| Extracted data entries |
┄┄┄┄┄┄┄┄┄┄┄┄┄┄┄┄┄┄┄┄

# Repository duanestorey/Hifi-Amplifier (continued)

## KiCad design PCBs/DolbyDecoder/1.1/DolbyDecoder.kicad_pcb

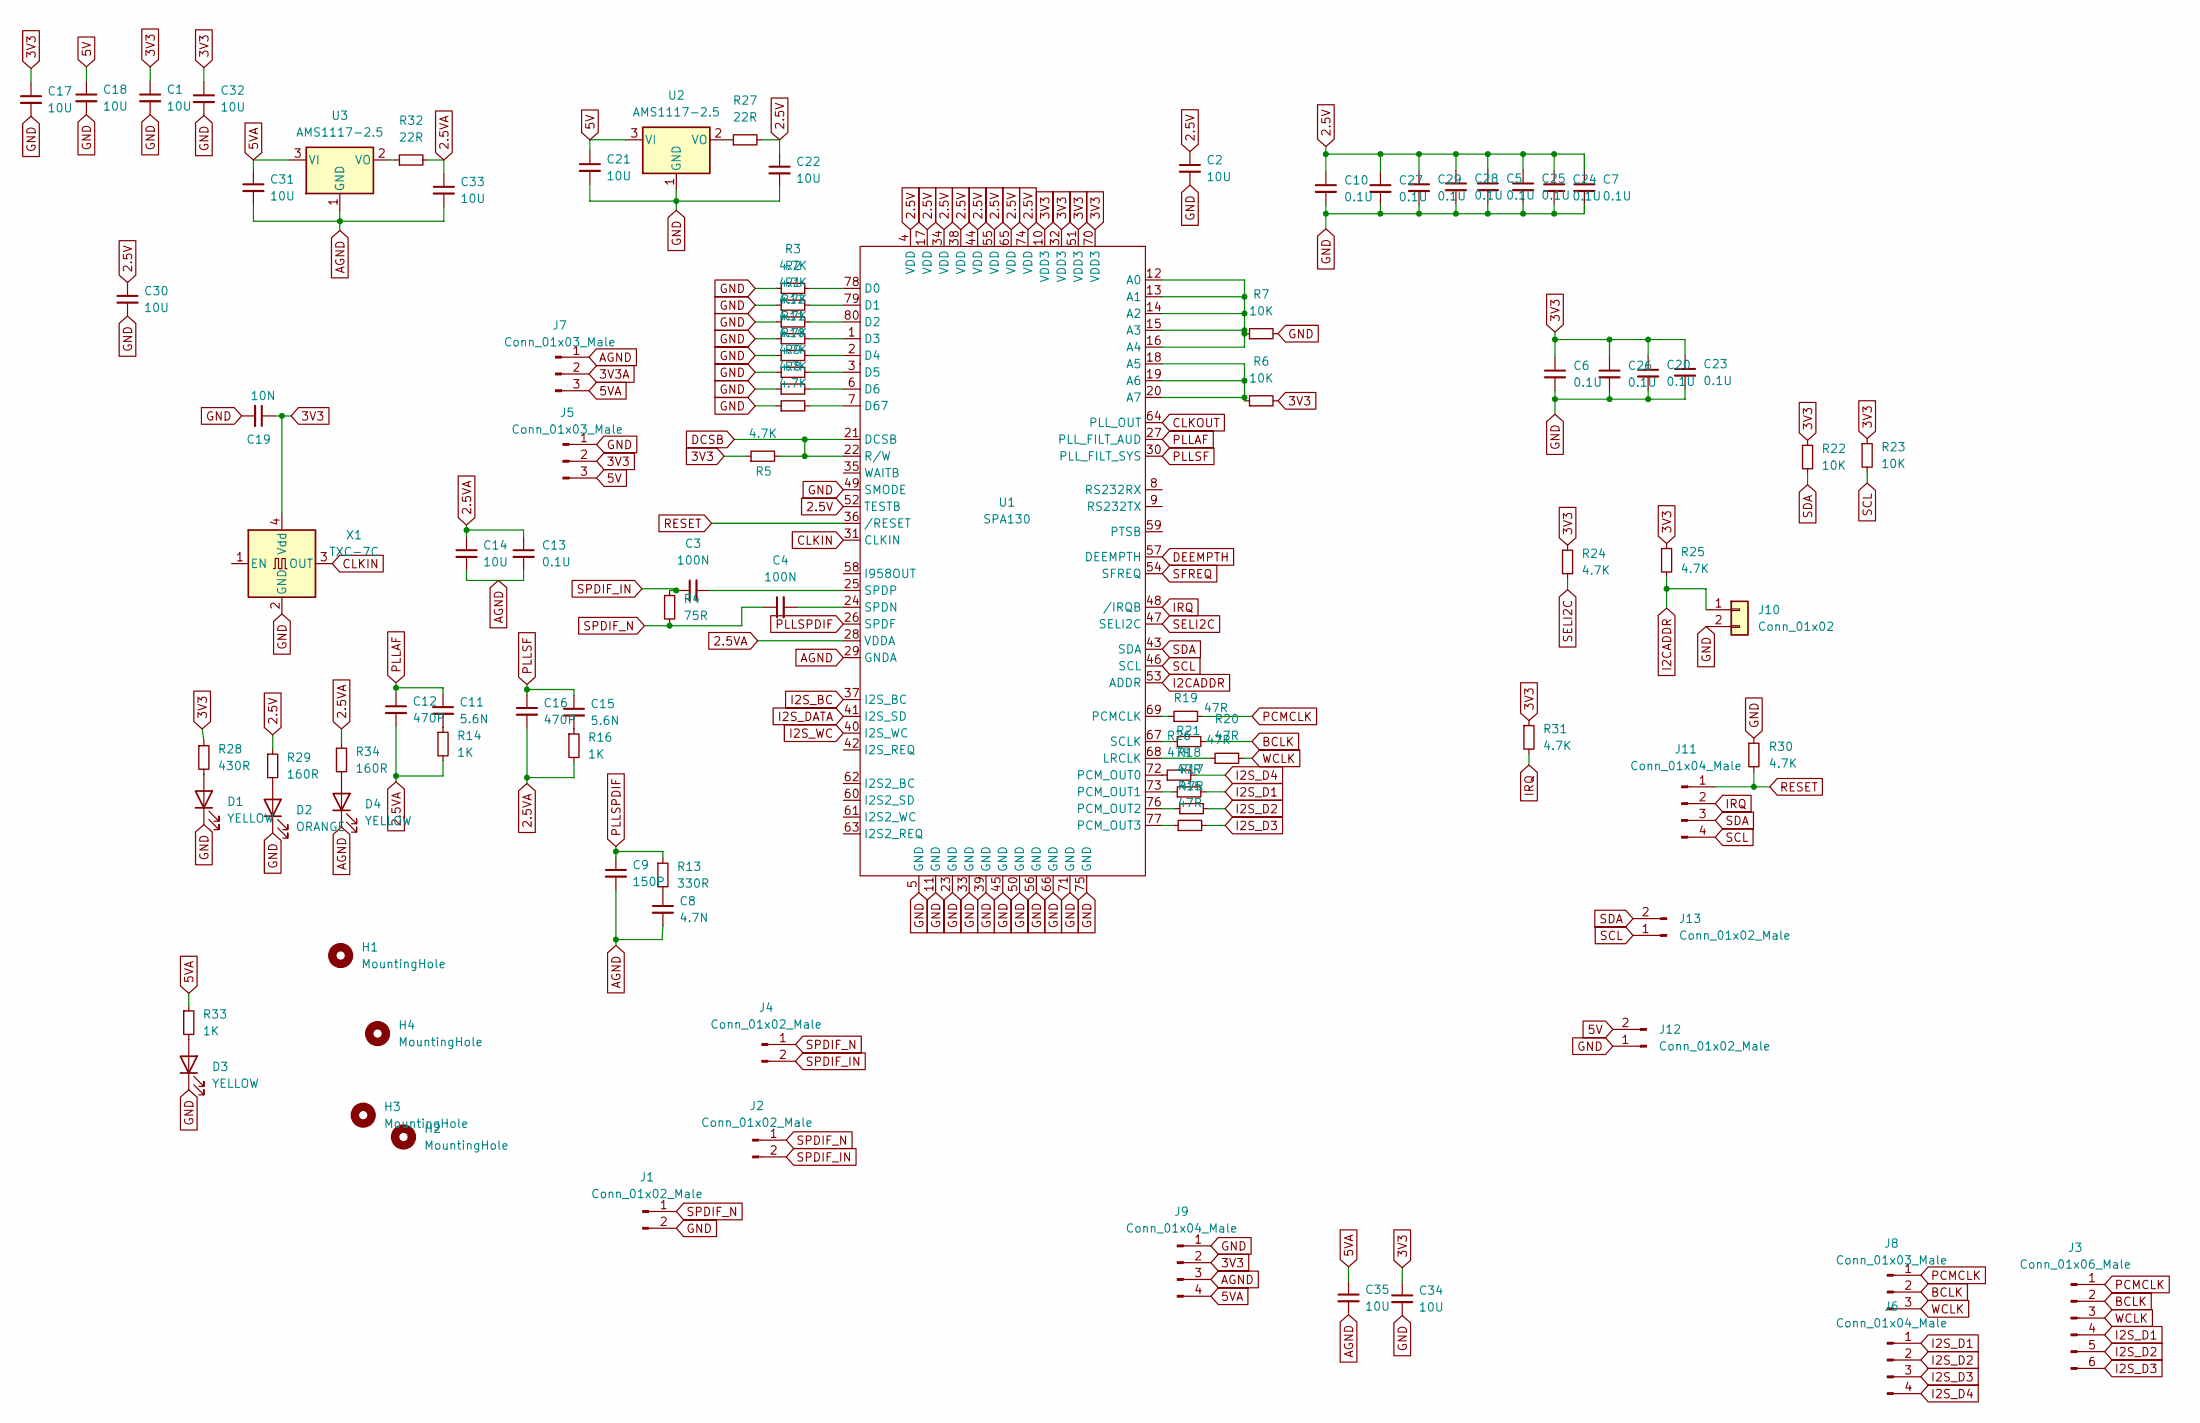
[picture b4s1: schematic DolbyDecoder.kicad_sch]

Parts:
C1, C2, C17, C18, C22, C30, C32, C33, C34, C35: 10U; C_1206_3216Metric_Pad1.33x1.80mm_HandSolder
C3, C4: 100N; C_0805_2012Metric_Pad1.18x1.45mm_HandSolder
C5, C6, C7, C10, C13, C20, C23, C24, C25, C26, C27, C28, C29: 0.1U; C_0603_1608Metric_Pad1.08x0.95mm_HandSolder
C8: 4.7N; C_0805_2012Metric_Pad1.18x1.45mm_HandSolder
C9: 150P; C_0805_2012Metric_Pad1.18x1.45mm_HandSolder
C11, C15: 5.6N; C_0805_2012Metric_Pad1.18x1.45mm_HandSolder
C12, C16: 470P; C_0805_2012Metric_Pad1.18x1.45mm_HandSolder
C14, C21, C31: 10U; C_0805_2012Metric_Pad1.18x1.45mm_HandSolder
C19: 10N; C_0603_1608Metric_Pad1.08x0.95mm_HandSolder
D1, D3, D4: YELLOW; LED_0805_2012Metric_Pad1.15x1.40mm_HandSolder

┄┄┄┄┄┄┄┄┄┄┄┄┄┄┄┄┄┄┄┄

| What you need to do |
Nothing but the text is wanted: repeat the data above exactly, without its images.

| Answer |
# Repository duanestorey/Hifi-Amplifier (continued)

## KiCad design PCBs/DolbyDecoder/1.1/DolbyDecoder.kicad_pcb

[picture b4s1: schematic DolbyDecoder.kicad_sch]

Parts:
C1, C2, C17, C18, C22, C30, C32, C33, C34, C35: 10U; C_1206_3216Metric_Pad1.33x1.80mm_HandSolder
C3, C4: 100N; C_0805_2012Metric_Pad1.18x1.45mm_HandSolder
C5, C6, C7, C10, C13, C20, C23, C24, C25, C26, C27, C28, C29: 0.1U; C_0603_1608Metric_Pad1.08x0.95mm_HandSolder
C8: 4.7N; C_0805_2012Metric_Pad1.18x1.45mm_HandSolder
C9: 150P; C_0805_2012Metric_Pad1.18x1.45mm_HandSolder
C11, C15: 5.6N; C_0805_2012Metric_Pad1.18x1.45mm_HandSolder
C12, C16: 470P; C_0805_2012Metric_Pad1.18x1.45mm_HandSolder
C14, C21, C31: 10U; C_0805_2012Metric_Pad1.18x1.45mm_HandSolder
C19: 10N; C_0603_1608Metric_Pad1.08x0.95mm_HandSolder
D1, D3, D4: YELLOW; LED_0805_2012Metric_Pad1.15x1.40mm_HandSolder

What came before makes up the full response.